Stored items
+++

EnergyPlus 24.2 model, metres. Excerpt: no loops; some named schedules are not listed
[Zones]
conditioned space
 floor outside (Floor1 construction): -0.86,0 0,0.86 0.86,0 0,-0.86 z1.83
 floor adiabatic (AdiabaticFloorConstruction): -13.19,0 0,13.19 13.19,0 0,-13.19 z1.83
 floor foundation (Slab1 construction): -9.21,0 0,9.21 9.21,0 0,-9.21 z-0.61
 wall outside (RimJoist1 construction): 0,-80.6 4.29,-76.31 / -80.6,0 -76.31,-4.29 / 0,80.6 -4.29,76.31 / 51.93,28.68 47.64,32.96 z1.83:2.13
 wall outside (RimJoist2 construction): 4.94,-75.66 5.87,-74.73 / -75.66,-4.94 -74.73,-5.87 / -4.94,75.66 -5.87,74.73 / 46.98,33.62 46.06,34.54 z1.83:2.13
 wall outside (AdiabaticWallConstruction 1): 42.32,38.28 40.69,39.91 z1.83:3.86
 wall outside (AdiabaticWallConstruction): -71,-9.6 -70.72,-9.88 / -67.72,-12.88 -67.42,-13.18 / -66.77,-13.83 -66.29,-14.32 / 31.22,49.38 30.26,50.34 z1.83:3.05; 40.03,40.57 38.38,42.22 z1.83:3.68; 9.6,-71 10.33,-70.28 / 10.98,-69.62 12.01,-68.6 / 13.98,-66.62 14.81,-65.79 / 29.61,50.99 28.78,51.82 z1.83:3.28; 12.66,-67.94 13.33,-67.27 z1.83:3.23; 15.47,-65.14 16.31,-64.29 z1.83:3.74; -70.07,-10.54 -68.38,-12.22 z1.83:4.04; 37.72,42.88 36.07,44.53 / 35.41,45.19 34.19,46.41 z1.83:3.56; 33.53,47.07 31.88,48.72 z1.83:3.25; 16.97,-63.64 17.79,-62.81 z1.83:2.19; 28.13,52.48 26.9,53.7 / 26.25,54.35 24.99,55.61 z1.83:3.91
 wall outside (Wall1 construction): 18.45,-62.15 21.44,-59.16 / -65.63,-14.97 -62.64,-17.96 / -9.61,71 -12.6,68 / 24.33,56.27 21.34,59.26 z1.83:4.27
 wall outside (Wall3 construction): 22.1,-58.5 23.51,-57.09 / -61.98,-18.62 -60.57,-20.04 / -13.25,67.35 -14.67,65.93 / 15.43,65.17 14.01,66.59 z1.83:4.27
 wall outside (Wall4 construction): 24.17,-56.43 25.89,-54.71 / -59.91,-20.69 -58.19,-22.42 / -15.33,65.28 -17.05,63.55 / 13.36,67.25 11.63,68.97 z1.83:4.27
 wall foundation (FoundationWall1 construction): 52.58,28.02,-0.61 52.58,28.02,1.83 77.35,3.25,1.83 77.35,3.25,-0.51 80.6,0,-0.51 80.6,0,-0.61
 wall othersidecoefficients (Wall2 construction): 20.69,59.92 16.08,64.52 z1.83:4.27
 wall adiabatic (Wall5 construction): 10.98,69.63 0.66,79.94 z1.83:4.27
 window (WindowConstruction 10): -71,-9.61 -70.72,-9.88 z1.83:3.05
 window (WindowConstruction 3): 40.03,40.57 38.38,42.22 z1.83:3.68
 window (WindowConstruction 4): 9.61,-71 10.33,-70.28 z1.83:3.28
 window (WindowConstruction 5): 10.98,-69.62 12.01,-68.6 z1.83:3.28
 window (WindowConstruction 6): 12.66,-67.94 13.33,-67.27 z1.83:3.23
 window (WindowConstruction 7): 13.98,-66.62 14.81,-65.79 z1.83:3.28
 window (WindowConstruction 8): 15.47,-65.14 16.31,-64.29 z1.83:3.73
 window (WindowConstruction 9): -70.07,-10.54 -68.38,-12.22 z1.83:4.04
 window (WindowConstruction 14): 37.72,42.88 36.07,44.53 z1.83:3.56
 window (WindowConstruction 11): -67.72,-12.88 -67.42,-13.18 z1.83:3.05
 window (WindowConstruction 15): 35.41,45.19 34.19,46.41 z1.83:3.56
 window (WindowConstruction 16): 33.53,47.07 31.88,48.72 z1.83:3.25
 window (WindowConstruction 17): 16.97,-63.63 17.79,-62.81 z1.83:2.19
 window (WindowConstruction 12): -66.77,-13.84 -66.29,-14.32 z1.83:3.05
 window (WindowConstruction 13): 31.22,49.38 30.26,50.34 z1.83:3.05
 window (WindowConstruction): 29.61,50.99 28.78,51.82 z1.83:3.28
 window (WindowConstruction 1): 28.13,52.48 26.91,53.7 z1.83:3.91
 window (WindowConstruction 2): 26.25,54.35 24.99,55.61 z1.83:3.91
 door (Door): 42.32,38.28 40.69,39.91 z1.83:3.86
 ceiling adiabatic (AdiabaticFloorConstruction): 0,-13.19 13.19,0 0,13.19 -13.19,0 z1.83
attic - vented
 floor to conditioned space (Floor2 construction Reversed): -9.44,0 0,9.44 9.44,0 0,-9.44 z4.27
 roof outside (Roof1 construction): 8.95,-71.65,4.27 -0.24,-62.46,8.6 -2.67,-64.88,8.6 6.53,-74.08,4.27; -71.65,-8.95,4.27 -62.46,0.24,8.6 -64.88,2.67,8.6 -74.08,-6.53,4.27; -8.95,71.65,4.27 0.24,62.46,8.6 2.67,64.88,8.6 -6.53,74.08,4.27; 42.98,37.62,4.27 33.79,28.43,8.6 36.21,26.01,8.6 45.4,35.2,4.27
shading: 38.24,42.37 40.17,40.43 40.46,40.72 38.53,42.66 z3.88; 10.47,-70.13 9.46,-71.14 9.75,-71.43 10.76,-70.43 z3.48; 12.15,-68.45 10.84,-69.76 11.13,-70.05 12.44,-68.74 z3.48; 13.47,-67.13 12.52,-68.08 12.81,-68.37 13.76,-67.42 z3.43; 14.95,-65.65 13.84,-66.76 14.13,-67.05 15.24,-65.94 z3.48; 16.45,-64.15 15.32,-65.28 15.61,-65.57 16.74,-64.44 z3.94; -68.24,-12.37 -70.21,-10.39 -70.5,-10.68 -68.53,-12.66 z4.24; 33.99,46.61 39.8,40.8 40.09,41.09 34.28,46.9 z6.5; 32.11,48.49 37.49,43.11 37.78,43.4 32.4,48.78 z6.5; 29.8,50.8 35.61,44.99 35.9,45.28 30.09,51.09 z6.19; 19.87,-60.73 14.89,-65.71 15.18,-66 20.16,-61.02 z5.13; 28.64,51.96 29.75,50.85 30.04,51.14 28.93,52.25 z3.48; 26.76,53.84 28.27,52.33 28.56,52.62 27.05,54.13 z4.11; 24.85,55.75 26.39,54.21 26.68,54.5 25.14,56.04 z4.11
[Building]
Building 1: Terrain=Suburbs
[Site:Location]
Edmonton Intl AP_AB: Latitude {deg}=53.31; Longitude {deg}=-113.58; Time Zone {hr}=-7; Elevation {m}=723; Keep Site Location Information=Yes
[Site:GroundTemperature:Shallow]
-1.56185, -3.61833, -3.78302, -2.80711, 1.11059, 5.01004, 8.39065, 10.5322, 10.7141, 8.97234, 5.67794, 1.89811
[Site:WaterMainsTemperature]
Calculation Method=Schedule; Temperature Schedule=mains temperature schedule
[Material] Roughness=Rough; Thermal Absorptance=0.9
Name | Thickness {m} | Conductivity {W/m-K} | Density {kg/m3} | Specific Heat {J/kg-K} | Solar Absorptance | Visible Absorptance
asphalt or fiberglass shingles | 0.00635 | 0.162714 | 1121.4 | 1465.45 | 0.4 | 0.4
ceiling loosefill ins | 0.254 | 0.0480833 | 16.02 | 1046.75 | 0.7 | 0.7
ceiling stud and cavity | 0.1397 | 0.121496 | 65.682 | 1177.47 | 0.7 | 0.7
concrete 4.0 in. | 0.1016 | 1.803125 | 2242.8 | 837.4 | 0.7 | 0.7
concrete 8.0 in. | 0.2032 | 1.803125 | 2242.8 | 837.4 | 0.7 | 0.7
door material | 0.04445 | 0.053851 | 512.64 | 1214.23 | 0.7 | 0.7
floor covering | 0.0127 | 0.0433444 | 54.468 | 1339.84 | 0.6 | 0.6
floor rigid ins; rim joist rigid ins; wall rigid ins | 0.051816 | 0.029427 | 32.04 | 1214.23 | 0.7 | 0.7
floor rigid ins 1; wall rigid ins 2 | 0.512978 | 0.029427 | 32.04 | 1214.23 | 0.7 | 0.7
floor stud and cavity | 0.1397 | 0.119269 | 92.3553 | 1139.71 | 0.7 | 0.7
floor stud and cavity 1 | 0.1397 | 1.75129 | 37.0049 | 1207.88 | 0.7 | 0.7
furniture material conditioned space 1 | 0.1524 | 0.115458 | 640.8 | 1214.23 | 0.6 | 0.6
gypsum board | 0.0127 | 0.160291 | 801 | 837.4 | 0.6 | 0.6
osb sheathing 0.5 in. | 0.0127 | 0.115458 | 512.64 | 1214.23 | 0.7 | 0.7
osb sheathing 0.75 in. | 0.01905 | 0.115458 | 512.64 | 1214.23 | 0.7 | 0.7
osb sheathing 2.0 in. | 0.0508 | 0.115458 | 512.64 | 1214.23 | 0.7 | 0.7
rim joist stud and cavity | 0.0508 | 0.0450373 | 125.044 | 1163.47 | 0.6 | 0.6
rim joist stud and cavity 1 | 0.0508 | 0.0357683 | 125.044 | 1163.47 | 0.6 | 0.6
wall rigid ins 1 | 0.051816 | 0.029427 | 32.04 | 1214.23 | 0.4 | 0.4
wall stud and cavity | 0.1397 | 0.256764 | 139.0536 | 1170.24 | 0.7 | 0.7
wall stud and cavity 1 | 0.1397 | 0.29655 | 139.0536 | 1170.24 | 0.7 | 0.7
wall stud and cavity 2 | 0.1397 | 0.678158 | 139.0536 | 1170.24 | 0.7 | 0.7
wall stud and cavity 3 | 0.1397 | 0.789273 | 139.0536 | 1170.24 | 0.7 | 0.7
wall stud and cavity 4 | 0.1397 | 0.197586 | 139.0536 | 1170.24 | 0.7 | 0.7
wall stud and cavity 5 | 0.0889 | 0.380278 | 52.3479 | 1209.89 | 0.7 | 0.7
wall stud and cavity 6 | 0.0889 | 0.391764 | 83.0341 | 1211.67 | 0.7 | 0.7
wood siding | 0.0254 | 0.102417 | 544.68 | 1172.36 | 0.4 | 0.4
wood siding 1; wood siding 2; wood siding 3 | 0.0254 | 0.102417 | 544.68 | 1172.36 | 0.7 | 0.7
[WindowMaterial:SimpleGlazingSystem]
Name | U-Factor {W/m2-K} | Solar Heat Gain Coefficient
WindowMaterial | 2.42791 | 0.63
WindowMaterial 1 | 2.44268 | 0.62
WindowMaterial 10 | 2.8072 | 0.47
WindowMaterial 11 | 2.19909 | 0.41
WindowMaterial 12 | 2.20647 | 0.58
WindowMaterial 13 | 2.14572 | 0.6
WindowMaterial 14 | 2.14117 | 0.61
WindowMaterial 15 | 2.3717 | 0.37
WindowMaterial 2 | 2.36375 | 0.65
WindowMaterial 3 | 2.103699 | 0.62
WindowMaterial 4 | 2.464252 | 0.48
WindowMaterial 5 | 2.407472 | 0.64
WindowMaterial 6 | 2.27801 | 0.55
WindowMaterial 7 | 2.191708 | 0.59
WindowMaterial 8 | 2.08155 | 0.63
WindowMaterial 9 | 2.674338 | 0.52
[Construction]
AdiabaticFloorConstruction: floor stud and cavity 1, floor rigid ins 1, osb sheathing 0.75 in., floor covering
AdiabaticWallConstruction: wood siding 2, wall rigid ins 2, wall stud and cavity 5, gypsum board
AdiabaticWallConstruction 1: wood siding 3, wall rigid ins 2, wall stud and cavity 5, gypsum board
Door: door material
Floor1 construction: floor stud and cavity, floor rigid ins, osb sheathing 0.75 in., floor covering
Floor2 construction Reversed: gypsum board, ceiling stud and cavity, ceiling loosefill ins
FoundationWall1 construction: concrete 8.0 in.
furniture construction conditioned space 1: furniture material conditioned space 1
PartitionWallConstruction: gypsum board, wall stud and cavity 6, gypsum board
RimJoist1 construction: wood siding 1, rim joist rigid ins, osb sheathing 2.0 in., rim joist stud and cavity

+++

● **WORK TO COMPLETE**: Reply with the lines from the first line of the entries through the line that contains "floor foundation (Slab1", repeated exactly with both ends kept, and with nothing else.

● **SOLUTION FOR THIS EXERCISE**:
EnergyPlus 24.2 model, metres. Excerpt: no loops; some named schedules are not listed
[Zones]
conditioned space
 floor outside (Floor1 construction): -0.86,0 0,0.86 0.86,0 0,-0.86 z1.83
 floor adiabatic (AdiabaticFloorConstruction): -13.19,0 0,13.19 13.19,0 0,-13.19 z1.83
 floor foundation (Slab1 construction): -9.21,0 0,9.21 9.21,0 0,-9.21 z-0.61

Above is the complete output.